Dr. Stefan Blöchl, Mitgründer IFOX Systems, erläuterte seine Entwicklung eines Fitnesstrackers für Unternehmen, der Verschwendung in den Prozessen als Euro-Betrag auswirft. Die Basis seiner Analysen ist die Lean-Philosophie, dessen Anwendung er unbedingt vor der Digitalisierung von Prozessen empfiehlt. Mit dem Pragmatismus des jungen Unternehmers führte er aus, dass man mit den Daten beginnen solle, die man verfügbar habe. So könne man sofort anfangen und erste Erfolge ernten.

Ein andere Perspektive brachte Markus Bönisch, CIO der Evangelisch-Lutherischen Kirche, ein. Aufgrund der dezentralen Struktur von Bayerns zweitgrößtem Arbeitgeber müsse er 1500 Kirchengemeinden überzeugen, sich seiner Digitalisierungsinitiative anzuschließen. Dazu gehöre auch eine neue Form der „Kundenbegeisterung“, insbesondere für die junge Generation. Die Frage aus dem Publikum, ob das Vorhaben auch digitale Seelsorge-Bots einschließe, verneinte er. Dr. Till Klein wusste in diesem Kontext zu berichten, dass Wellbeing-Apps ihm auf der Bits&Pretzels Konferenz im Spätsommer in München bei einem Startup Pitch begegnet seien.

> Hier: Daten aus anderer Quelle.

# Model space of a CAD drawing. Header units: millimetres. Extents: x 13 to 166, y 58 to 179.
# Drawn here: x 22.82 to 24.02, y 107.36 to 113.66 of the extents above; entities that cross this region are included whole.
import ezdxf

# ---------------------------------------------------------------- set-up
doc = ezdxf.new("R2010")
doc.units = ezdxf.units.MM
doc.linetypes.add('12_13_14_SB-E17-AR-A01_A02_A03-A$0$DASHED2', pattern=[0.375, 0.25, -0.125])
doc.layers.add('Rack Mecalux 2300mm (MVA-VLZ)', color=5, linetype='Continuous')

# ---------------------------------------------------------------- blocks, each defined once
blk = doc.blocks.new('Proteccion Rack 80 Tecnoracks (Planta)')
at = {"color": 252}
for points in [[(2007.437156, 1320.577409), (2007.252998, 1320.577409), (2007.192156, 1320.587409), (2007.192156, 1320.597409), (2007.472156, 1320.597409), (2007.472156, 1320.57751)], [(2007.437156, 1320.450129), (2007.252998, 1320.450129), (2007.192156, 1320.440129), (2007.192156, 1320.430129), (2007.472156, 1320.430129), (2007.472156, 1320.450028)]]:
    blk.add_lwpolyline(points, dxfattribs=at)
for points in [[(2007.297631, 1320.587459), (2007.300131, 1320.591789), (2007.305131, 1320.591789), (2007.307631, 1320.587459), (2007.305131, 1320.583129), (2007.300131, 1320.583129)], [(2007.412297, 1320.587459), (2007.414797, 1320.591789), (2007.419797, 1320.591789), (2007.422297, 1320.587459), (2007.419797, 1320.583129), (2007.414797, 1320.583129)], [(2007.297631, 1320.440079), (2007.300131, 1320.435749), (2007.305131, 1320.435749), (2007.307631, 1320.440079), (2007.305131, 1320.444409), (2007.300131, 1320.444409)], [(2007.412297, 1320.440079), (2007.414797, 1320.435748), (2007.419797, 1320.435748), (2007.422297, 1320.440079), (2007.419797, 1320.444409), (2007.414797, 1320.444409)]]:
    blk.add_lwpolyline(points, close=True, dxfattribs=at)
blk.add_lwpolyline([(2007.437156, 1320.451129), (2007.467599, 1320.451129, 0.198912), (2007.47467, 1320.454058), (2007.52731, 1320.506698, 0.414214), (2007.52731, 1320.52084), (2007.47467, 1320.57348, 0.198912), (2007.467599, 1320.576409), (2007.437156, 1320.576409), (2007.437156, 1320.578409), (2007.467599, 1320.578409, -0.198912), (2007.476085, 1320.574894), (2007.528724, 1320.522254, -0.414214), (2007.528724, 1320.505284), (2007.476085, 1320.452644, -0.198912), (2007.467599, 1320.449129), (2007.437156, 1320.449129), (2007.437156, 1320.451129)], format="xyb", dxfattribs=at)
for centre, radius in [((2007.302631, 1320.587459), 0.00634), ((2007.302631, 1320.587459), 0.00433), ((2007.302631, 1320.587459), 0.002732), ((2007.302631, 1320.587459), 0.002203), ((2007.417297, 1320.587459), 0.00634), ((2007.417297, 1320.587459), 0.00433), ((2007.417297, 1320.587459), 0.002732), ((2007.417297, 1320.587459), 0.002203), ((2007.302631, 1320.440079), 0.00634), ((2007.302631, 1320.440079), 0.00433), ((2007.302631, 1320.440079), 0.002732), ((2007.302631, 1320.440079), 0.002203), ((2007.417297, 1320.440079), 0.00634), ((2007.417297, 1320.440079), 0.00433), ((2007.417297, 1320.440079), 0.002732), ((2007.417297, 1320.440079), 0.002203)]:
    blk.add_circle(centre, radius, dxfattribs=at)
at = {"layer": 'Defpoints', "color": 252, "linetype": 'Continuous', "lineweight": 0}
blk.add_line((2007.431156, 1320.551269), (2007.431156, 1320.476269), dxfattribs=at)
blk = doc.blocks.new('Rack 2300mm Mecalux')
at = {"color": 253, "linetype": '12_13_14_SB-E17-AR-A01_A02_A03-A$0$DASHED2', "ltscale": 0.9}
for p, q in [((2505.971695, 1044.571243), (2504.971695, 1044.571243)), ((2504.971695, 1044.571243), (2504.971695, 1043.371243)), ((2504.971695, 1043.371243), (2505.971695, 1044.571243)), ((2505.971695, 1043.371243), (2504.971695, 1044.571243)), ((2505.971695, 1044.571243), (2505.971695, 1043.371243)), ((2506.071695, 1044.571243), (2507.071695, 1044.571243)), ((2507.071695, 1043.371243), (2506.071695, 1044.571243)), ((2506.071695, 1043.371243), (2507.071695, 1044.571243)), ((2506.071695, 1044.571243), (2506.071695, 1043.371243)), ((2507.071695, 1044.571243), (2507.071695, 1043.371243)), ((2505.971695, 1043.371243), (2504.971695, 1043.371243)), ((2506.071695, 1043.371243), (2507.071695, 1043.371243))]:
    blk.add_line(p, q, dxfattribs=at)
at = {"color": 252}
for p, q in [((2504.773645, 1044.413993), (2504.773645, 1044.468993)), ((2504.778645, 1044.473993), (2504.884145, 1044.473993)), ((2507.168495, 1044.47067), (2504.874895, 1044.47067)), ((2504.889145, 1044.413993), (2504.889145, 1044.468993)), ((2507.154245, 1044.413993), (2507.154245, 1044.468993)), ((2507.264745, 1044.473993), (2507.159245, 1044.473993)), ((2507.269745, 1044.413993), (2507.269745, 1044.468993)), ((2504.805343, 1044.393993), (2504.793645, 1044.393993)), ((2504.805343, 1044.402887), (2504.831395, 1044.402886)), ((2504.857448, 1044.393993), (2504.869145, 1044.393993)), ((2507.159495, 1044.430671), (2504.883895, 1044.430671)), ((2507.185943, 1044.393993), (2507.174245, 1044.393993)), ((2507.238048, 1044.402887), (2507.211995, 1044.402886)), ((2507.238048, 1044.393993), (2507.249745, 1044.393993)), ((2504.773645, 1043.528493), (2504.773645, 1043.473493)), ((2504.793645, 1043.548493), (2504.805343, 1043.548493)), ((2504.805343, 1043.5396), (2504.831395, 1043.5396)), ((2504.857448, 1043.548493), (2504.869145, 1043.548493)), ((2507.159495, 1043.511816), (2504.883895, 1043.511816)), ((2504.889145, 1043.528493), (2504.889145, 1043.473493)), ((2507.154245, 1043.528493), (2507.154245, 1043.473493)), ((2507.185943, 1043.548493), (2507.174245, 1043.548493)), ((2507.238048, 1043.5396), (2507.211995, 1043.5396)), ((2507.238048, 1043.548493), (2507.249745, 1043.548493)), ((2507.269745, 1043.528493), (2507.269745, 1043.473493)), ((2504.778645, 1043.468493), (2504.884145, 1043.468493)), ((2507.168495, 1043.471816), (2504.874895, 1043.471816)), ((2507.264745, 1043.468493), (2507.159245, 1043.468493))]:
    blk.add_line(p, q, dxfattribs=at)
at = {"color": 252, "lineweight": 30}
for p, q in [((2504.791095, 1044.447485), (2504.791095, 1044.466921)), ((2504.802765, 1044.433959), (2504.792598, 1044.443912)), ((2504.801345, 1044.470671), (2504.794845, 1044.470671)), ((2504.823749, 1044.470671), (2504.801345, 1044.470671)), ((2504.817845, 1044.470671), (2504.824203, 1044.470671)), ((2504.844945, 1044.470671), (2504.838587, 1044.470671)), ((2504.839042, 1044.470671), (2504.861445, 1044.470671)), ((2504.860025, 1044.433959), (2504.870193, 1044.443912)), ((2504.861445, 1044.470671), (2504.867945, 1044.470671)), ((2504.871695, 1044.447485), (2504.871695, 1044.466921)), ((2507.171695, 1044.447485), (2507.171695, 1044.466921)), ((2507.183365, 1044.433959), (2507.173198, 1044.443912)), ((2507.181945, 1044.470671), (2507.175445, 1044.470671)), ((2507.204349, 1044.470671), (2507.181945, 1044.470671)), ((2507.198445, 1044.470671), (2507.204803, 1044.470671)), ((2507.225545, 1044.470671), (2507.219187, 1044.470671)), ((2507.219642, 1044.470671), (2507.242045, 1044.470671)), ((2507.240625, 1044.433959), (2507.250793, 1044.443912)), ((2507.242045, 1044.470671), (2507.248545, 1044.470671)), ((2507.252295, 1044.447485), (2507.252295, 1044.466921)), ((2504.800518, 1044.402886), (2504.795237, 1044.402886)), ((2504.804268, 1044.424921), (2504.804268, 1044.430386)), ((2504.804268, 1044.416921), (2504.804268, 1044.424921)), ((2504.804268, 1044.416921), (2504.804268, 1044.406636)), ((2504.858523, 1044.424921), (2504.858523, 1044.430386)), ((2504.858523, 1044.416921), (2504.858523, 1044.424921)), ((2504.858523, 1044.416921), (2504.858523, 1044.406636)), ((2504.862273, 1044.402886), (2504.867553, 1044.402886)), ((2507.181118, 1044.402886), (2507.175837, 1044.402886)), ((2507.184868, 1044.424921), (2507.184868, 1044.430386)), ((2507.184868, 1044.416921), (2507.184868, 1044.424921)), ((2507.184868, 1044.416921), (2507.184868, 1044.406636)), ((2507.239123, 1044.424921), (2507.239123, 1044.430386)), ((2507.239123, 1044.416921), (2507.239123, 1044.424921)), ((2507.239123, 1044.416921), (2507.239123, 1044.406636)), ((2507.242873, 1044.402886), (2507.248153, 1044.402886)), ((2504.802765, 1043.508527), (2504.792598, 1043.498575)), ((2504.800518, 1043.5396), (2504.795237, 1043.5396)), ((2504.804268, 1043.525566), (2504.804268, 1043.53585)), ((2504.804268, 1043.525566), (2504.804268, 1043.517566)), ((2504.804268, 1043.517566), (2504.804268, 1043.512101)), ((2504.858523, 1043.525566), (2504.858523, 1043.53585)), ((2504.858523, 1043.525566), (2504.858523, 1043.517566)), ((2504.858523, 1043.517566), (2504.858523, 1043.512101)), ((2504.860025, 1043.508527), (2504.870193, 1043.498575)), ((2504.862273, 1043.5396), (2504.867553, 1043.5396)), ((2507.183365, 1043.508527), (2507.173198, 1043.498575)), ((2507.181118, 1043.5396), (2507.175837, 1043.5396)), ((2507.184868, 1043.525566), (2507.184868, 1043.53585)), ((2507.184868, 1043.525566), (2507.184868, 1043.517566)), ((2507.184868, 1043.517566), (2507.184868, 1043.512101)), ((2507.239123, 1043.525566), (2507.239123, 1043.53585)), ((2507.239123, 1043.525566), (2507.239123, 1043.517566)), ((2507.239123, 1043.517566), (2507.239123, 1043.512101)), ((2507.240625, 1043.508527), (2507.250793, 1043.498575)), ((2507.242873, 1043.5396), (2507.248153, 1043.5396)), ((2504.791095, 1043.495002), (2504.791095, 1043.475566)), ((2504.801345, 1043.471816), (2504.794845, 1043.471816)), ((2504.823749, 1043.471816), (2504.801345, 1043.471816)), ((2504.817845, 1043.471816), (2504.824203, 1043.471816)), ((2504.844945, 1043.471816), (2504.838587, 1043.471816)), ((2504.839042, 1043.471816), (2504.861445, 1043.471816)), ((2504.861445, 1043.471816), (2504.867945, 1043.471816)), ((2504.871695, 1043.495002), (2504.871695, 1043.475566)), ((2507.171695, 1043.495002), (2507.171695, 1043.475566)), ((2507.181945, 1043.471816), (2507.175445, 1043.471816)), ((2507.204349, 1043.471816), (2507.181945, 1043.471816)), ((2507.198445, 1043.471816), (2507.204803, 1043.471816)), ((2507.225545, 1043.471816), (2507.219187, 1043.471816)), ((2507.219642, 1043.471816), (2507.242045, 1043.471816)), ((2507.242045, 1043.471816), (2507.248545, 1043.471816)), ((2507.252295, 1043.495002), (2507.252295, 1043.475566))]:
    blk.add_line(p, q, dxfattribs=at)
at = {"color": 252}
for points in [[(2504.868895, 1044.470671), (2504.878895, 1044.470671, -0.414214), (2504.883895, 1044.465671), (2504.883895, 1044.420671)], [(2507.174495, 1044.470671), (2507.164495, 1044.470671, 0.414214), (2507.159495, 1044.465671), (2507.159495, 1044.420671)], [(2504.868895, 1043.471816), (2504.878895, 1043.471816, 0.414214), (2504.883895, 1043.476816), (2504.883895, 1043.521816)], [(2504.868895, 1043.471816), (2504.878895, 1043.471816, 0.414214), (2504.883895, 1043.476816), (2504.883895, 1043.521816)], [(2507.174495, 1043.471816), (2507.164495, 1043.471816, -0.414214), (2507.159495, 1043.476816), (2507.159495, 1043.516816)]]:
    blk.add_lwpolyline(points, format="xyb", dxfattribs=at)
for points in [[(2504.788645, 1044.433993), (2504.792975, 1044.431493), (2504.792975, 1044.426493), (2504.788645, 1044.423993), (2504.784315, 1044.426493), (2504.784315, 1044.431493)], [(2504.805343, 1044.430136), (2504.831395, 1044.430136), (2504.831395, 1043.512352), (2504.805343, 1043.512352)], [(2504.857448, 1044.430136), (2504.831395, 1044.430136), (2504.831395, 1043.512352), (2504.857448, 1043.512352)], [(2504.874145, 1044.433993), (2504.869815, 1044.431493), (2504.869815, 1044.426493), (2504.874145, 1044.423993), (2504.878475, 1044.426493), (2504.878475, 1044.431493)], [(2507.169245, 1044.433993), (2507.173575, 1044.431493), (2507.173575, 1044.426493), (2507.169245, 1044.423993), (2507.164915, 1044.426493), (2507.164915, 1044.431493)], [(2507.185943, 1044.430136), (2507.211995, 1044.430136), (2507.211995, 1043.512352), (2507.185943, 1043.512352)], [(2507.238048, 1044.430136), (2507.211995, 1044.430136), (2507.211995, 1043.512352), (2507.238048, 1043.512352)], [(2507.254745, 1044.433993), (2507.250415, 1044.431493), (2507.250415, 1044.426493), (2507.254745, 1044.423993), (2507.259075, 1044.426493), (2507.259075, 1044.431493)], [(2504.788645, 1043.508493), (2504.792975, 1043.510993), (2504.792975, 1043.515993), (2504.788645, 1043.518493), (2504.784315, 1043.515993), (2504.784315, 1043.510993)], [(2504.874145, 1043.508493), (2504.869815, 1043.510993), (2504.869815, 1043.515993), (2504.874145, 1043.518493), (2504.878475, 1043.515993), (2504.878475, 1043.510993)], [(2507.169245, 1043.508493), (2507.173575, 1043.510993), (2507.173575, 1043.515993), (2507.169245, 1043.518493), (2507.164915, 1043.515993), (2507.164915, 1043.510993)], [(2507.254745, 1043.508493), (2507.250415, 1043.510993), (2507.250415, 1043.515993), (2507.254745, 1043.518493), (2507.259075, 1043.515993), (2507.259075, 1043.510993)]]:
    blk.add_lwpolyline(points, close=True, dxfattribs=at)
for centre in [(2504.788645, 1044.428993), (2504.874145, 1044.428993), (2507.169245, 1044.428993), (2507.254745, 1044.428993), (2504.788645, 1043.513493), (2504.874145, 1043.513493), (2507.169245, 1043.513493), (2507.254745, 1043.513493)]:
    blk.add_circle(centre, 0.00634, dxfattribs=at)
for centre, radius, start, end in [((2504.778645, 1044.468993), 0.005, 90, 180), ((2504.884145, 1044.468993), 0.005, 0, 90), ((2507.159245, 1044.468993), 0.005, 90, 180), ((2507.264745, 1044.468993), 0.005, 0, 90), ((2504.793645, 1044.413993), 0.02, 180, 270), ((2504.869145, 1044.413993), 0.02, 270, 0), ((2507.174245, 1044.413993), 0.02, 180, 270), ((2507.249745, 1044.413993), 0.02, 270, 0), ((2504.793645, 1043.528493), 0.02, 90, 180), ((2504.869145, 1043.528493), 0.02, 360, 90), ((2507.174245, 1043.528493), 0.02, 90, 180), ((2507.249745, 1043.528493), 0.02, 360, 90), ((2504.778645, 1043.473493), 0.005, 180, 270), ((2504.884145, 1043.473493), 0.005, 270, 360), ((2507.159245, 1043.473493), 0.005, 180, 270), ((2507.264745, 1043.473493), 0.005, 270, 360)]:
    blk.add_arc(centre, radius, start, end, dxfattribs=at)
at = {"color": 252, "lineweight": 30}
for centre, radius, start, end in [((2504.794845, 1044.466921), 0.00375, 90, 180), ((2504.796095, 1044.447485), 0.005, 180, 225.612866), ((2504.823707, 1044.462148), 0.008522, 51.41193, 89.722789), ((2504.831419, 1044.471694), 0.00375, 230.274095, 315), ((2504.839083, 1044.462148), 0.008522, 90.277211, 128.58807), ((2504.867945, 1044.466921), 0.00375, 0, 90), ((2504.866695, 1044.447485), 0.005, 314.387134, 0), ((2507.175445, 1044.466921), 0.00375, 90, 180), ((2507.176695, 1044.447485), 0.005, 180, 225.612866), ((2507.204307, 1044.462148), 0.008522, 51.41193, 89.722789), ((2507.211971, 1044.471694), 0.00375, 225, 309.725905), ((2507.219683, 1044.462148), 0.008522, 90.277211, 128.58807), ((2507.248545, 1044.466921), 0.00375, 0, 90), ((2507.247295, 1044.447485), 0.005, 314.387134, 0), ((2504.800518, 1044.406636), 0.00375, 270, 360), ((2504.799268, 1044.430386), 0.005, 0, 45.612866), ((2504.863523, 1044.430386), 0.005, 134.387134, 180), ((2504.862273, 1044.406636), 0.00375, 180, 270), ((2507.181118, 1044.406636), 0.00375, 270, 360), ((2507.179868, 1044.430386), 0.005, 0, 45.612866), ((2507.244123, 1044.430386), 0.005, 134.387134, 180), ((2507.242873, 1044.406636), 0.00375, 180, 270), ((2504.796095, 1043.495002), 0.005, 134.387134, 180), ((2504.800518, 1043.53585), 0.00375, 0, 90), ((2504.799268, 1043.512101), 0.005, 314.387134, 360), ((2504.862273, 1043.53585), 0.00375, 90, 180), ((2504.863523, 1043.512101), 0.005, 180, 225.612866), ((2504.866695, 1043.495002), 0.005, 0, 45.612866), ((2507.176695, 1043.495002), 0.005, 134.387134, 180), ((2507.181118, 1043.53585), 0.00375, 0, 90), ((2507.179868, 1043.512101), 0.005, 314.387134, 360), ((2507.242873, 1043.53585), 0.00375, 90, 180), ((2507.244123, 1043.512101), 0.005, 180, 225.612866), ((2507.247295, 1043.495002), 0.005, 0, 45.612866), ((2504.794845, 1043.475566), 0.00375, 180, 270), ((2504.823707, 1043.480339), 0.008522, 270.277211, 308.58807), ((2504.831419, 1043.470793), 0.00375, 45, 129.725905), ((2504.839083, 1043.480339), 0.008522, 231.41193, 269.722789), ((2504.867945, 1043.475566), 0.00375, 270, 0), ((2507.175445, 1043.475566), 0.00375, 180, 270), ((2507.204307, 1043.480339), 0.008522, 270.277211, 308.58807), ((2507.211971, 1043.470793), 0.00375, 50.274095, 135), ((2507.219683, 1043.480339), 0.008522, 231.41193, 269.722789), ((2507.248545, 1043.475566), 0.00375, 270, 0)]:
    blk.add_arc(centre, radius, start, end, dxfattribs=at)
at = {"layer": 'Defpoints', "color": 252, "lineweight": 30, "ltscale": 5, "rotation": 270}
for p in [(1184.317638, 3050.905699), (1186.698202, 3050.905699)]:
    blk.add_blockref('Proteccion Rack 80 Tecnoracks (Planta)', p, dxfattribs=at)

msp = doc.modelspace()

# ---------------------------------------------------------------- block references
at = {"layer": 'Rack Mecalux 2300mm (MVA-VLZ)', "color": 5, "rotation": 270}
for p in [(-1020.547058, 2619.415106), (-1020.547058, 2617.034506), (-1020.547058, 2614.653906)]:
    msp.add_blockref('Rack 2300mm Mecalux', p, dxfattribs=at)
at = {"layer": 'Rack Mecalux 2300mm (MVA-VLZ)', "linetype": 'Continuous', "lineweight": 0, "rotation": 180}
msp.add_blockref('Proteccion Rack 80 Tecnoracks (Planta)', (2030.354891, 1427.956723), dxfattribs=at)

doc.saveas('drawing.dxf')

Im vierten Panel ging es um digitale Kollaboration und agiles Lernen. Harald Schirmer, Leiter Digitale Transformation bei Continental, konnte aufzeigen, dass Feedback-Prozesse mit 180.000 Mitarbeitern in der digitalen Welt möglich sind. Er plädierte dafür, diese enormen Potenziale der Diversität zu nutzen, da man so in ganz neue Dimensionen der Kollaboration einsteigen könne. Dr. Frank Edelkraut erweiterte den Aspekt mit dem agilen Lernen, dass jedem Einzelnen erlaube, seinen Lernfortschritt selber und für sich passend zu organisieren. Dr. Leopold von Schlenk-Barnsdorf, FamilienunternehmerTUM unterstützte diese Notwendigkeit aus Sicht der Familienunternehmen.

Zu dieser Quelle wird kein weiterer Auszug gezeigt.